----- Source material -----

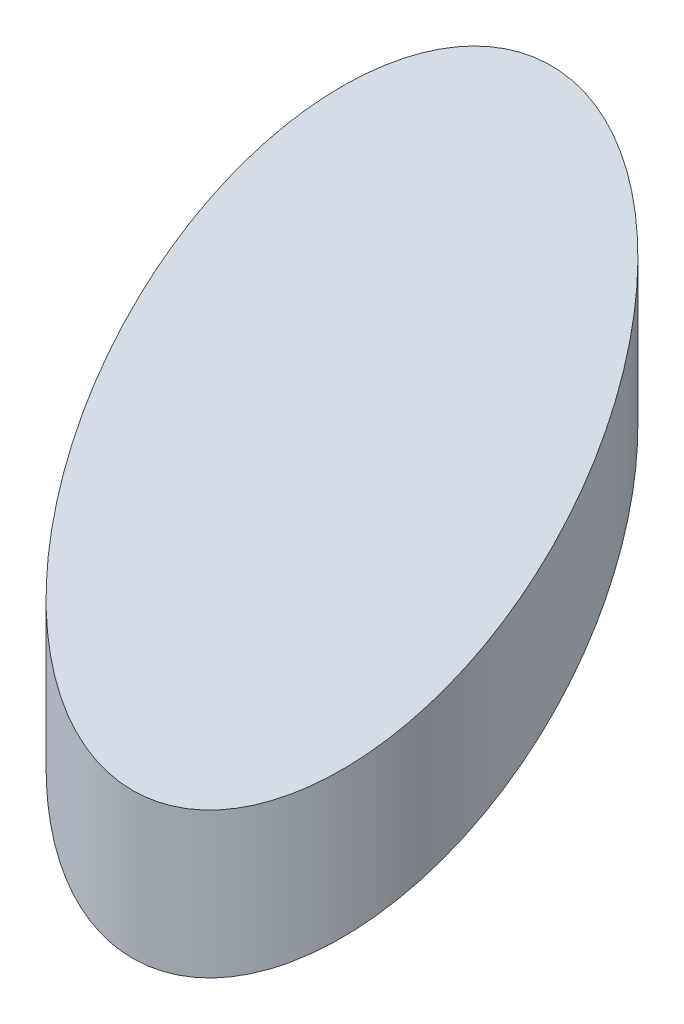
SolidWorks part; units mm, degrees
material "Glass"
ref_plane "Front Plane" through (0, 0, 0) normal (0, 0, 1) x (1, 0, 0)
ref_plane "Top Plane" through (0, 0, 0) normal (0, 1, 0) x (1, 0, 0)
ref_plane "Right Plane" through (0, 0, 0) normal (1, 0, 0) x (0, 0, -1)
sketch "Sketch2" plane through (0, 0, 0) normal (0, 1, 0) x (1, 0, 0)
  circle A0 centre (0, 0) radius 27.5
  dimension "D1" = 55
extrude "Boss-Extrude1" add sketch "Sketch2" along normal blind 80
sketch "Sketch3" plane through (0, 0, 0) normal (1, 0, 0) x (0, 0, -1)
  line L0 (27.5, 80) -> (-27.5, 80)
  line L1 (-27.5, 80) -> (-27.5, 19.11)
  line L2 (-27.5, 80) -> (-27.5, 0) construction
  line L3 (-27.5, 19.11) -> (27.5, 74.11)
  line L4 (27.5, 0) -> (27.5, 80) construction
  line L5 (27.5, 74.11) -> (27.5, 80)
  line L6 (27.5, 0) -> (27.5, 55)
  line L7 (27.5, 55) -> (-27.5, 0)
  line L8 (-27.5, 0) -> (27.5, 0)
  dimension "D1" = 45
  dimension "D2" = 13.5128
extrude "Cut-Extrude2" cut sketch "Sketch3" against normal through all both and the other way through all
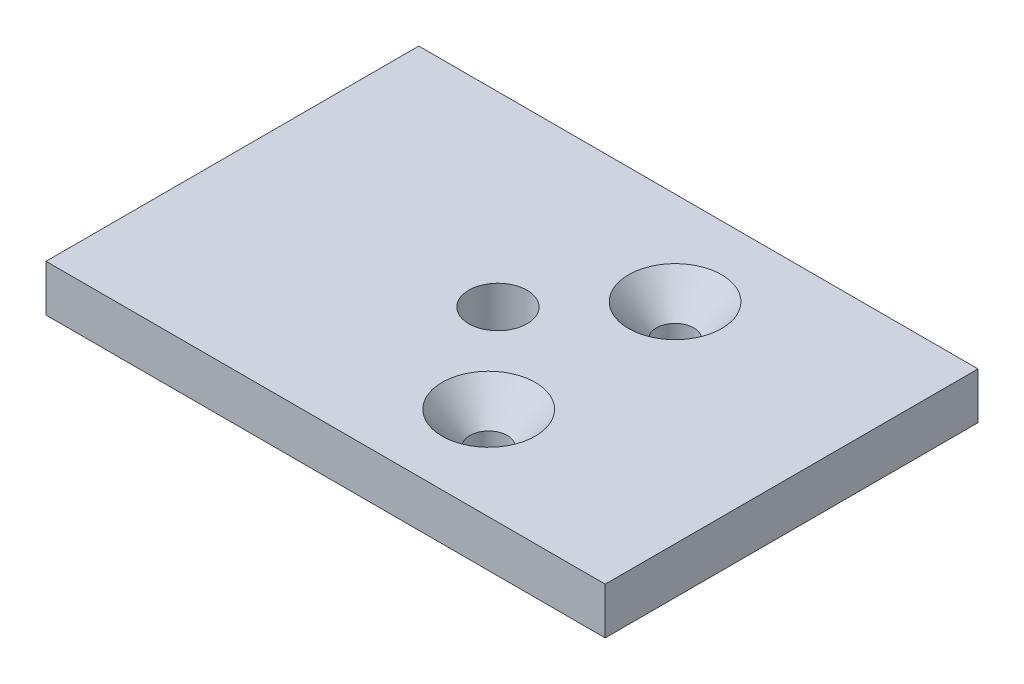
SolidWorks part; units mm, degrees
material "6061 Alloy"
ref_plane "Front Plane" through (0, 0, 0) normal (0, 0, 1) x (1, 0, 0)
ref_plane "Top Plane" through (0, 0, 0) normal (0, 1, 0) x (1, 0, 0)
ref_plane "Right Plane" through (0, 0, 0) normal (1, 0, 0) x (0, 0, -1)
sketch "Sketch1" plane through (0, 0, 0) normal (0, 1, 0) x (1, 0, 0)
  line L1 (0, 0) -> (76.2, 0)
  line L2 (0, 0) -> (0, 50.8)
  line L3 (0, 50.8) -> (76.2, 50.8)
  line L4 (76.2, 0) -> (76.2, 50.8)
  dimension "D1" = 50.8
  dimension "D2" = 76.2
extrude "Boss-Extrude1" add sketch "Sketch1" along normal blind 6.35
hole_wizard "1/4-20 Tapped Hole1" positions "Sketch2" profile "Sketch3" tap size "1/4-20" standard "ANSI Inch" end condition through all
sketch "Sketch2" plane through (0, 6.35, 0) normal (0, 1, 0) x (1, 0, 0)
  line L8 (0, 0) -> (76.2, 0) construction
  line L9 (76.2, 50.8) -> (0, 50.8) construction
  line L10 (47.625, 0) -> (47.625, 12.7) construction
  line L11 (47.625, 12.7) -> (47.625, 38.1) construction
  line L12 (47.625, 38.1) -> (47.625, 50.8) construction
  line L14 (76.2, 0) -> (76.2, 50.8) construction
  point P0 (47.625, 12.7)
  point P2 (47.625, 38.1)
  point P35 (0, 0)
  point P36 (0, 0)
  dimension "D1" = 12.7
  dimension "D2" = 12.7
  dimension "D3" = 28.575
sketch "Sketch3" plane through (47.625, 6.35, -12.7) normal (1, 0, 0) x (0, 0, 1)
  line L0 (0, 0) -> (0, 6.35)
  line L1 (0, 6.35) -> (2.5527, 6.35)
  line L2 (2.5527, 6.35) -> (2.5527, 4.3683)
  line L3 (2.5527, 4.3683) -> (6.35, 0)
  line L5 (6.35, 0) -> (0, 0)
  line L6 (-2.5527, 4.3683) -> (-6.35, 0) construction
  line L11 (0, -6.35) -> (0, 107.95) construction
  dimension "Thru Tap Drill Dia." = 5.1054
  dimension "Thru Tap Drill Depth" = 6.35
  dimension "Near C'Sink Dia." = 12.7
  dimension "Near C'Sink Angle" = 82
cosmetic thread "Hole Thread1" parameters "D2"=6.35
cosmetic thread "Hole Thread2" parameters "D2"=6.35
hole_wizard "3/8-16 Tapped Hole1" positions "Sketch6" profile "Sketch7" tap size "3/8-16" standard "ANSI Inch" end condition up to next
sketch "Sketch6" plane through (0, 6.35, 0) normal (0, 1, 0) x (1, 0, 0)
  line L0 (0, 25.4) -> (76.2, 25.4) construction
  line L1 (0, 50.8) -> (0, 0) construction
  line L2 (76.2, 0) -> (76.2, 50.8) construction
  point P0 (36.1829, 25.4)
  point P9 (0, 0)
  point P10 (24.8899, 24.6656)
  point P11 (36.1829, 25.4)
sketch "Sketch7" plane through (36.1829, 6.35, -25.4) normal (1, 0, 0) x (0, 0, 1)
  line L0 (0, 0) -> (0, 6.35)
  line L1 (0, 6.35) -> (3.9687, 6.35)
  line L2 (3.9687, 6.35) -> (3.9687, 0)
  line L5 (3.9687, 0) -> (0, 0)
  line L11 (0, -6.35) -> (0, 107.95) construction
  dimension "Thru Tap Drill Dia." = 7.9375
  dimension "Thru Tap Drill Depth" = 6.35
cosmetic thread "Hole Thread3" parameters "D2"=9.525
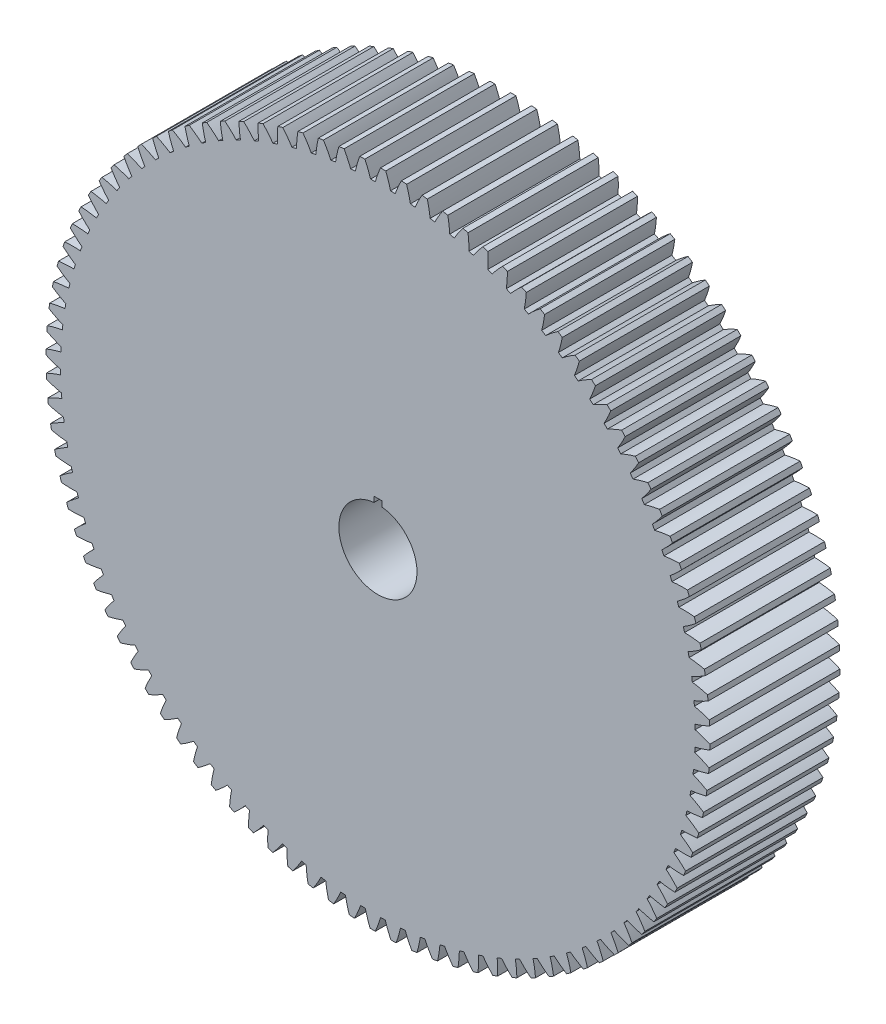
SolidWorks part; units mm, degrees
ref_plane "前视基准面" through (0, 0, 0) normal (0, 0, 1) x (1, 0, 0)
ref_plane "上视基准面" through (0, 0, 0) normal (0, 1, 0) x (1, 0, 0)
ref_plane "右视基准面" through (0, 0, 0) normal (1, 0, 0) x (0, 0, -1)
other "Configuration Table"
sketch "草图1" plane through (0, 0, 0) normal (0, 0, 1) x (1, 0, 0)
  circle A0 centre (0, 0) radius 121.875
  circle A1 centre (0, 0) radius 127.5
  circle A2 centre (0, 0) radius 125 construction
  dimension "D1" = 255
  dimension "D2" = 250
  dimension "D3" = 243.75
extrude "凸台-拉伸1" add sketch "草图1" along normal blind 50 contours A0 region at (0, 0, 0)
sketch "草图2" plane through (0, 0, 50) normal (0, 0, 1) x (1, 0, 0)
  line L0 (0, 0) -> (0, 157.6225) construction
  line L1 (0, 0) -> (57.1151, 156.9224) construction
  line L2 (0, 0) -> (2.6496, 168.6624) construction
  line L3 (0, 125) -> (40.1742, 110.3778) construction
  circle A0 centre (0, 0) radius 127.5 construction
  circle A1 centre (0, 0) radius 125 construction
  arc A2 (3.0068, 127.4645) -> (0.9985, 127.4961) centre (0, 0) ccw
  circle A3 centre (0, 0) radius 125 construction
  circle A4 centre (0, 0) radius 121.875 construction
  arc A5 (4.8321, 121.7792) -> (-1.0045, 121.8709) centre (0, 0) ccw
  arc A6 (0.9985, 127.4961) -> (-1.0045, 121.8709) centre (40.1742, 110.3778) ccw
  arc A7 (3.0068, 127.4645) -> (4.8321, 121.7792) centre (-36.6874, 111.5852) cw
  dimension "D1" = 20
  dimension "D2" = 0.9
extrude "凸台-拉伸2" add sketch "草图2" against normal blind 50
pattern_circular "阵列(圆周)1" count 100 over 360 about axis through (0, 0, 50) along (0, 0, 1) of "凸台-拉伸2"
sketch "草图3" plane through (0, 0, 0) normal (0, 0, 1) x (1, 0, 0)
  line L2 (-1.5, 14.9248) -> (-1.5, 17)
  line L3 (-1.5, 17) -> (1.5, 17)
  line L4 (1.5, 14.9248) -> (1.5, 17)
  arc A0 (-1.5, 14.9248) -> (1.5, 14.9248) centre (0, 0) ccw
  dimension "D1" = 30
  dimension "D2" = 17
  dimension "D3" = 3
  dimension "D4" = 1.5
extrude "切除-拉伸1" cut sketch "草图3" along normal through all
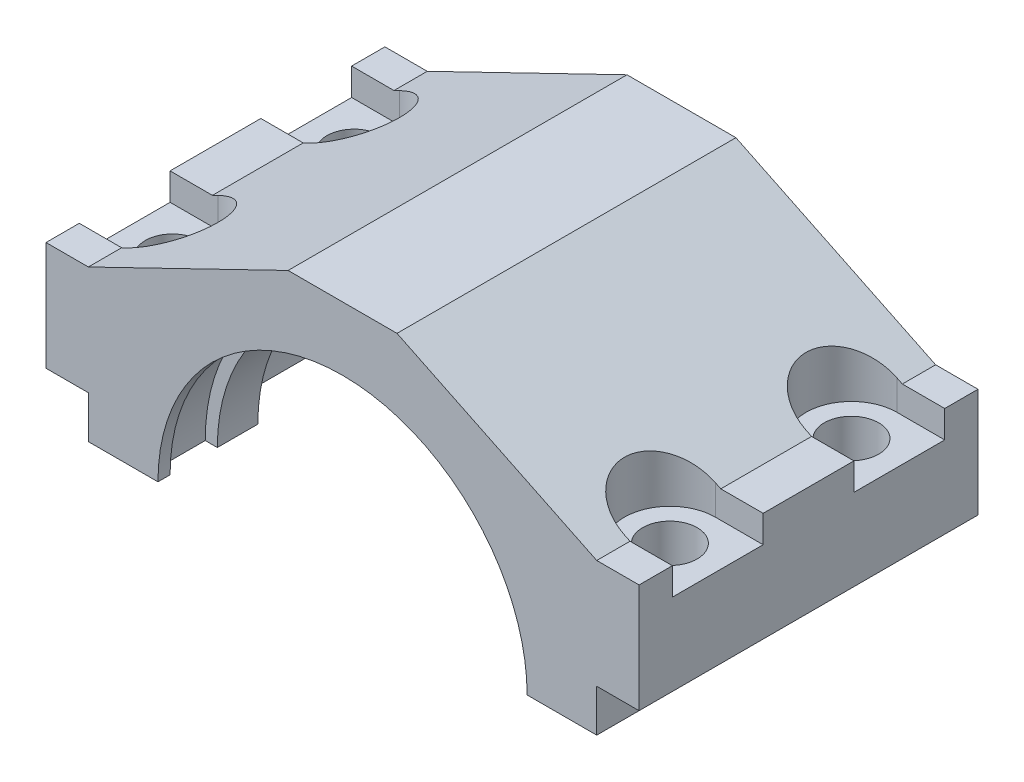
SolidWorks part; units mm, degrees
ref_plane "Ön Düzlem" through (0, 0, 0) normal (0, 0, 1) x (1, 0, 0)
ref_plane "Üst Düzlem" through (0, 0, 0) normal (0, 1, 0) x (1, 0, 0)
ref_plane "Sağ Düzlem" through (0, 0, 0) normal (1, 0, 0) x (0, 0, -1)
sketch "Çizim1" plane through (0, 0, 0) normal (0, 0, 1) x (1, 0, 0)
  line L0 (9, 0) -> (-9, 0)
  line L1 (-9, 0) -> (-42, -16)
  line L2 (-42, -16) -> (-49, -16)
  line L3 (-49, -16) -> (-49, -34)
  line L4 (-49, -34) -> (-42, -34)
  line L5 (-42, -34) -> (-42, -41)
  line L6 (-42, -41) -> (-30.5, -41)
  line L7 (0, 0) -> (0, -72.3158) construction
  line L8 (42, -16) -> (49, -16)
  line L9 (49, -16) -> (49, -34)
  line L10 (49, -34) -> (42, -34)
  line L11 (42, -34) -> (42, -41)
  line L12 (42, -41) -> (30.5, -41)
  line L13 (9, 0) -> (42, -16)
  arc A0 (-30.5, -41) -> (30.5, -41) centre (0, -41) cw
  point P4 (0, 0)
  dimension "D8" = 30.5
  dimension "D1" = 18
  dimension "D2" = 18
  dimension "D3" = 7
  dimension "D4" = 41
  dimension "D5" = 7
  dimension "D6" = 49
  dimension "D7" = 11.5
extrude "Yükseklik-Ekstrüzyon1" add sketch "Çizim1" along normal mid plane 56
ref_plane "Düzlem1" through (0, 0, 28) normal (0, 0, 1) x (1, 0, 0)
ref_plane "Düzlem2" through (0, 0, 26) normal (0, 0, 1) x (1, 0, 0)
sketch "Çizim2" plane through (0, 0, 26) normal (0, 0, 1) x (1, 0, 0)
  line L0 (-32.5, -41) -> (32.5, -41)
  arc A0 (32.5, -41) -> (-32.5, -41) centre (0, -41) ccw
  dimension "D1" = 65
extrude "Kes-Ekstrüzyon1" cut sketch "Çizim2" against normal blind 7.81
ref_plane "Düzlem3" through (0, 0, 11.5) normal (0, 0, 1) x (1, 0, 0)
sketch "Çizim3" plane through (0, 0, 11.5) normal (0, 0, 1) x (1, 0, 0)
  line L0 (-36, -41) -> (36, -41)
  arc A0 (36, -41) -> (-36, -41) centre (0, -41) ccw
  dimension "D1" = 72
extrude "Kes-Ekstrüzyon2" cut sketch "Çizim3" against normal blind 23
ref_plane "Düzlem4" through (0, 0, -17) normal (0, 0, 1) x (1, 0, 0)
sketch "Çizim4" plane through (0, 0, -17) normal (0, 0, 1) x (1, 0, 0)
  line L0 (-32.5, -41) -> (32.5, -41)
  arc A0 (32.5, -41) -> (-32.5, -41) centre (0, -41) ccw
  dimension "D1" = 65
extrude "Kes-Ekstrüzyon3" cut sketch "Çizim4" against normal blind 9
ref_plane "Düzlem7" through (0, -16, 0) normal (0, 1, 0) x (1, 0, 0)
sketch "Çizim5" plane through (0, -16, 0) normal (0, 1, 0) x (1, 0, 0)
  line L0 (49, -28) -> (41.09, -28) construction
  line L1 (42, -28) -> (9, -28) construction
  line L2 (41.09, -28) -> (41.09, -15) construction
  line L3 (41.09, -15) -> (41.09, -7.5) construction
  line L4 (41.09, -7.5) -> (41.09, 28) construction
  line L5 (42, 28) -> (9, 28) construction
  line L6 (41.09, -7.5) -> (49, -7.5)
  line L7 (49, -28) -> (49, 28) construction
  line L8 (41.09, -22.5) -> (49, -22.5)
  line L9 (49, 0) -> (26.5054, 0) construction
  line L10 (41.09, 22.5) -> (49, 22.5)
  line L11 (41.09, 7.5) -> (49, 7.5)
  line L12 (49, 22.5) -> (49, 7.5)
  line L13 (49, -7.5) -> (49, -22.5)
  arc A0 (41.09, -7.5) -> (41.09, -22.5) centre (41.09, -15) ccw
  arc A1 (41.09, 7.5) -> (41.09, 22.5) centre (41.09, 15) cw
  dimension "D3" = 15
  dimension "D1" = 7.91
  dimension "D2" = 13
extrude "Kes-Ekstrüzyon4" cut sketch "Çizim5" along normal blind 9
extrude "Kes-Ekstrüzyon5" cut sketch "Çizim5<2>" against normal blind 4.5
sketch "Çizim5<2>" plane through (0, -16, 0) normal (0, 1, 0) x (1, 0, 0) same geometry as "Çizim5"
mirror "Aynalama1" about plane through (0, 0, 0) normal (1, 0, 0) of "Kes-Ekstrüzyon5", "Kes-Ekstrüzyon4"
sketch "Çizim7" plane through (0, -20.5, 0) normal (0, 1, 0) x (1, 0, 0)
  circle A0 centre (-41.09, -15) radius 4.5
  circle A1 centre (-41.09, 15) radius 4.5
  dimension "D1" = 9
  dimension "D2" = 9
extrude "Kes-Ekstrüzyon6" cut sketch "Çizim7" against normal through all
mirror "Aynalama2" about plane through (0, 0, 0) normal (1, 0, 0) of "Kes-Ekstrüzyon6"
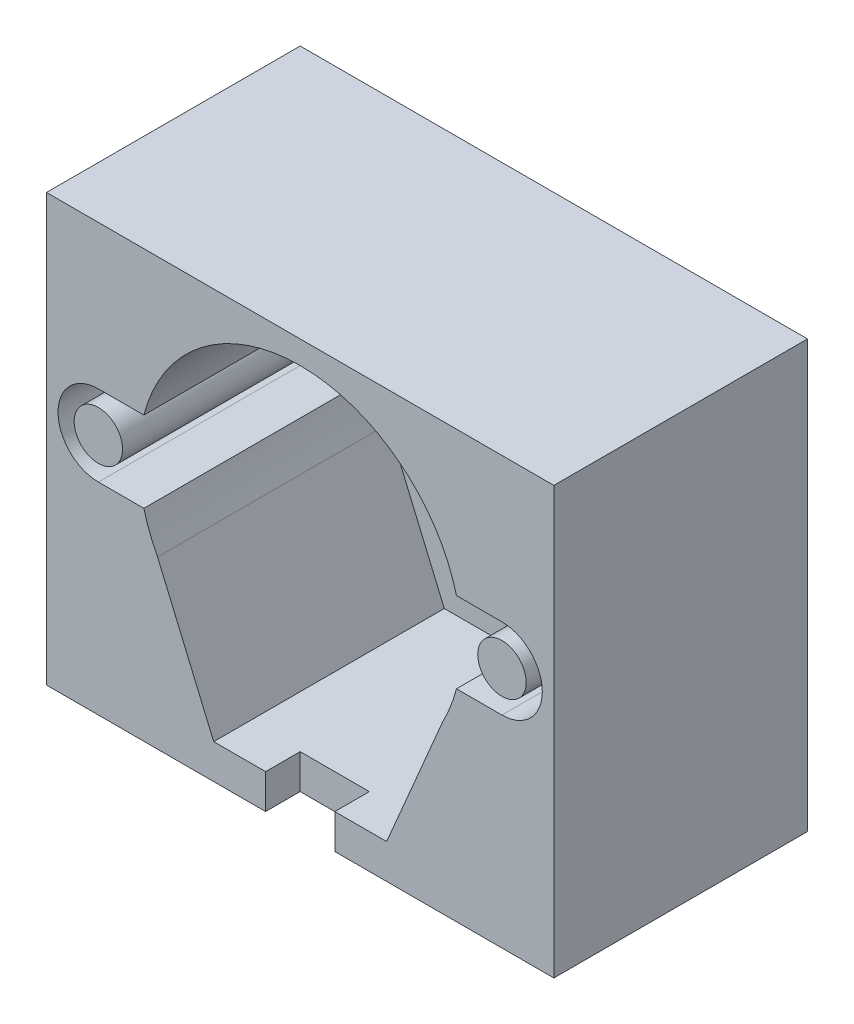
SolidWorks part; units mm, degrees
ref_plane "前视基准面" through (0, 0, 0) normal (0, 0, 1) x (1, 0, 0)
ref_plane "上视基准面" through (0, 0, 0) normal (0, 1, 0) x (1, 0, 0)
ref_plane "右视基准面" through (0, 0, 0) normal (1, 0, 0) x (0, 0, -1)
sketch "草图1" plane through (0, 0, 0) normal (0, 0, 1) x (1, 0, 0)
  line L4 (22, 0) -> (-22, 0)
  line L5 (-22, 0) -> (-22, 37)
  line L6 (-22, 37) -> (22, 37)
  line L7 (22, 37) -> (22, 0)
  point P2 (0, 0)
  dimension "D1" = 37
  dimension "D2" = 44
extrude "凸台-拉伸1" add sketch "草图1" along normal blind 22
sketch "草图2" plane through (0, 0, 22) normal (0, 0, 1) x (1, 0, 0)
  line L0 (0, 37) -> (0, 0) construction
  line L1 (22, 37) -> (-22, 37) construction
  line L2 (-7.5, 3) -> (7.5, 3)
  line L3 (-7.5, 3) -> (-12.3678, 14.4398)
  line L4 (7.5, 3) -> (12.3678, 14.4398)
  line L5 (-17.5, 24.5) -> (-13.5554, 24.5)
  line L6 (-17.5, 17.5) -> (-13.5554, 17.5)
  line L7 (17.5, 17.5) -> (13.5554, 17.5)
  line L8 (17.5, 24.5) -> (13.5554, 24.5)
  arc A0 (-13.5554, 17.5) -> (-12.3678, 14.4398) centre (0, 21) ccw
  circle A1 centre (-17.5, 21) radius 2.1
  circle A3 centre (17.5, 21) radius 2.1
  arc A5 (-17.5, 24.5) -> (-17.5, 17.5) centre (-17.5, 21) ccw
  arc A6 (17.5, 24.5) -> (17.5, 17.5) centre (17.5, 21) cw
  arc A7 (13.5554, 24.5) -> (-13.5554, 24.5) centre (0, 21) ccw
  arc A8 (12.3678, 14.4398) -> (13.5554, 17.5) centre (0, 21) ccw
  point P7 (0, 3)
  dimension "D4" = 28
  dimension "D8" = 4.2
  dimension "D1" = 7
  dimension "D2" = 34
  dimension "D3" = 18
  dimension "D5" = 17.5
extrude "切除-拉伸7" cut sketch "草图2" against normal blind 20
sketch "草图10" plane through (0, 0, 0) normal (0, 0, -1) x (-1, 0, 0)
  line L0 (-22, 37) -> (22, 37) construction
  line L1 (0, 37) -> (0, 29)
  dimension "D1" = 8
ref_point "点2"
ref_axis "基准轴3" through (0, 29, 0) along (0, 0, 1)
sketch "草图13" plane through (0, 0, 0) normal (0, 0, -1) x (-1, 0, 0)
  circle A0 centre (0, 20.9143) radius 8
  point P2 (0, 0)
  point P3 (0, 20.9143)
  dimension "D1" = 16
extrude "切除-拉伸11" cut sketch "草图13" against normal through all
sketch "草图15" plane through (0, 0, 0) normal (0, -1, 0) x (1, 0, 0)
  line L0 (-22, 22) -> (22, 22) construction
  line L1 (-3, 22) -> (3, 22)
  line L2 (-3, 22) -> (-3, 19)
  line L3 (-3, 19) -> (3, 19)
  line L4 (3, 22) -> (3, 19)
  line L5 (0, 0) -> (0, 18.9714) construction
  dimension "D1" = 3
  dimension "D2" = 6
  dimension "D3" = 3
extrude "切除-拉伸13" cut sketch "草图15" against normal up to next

-----

- Work item
Reproduce the lines above, beginning at the line with "normal blind 7.81" and stopping after the line with "line L0 (-36, -41) -> (36, -41)", exactly as they are.

- Exercise solution
extrude "Kes-Ekstrüzyon1" cut sketch "Çizim2" against normal blind 7.81
ref_plane "Düzlem3" through (0, 0, 11.5) normal (0, 0, 1) x (1, 0, 0)
sketch "Çizim3" plane through (0, 0, 11.5) normal (0, 0, 1) x (1, 0, 0)
  line L0 (-36, -41) -> (36, -41)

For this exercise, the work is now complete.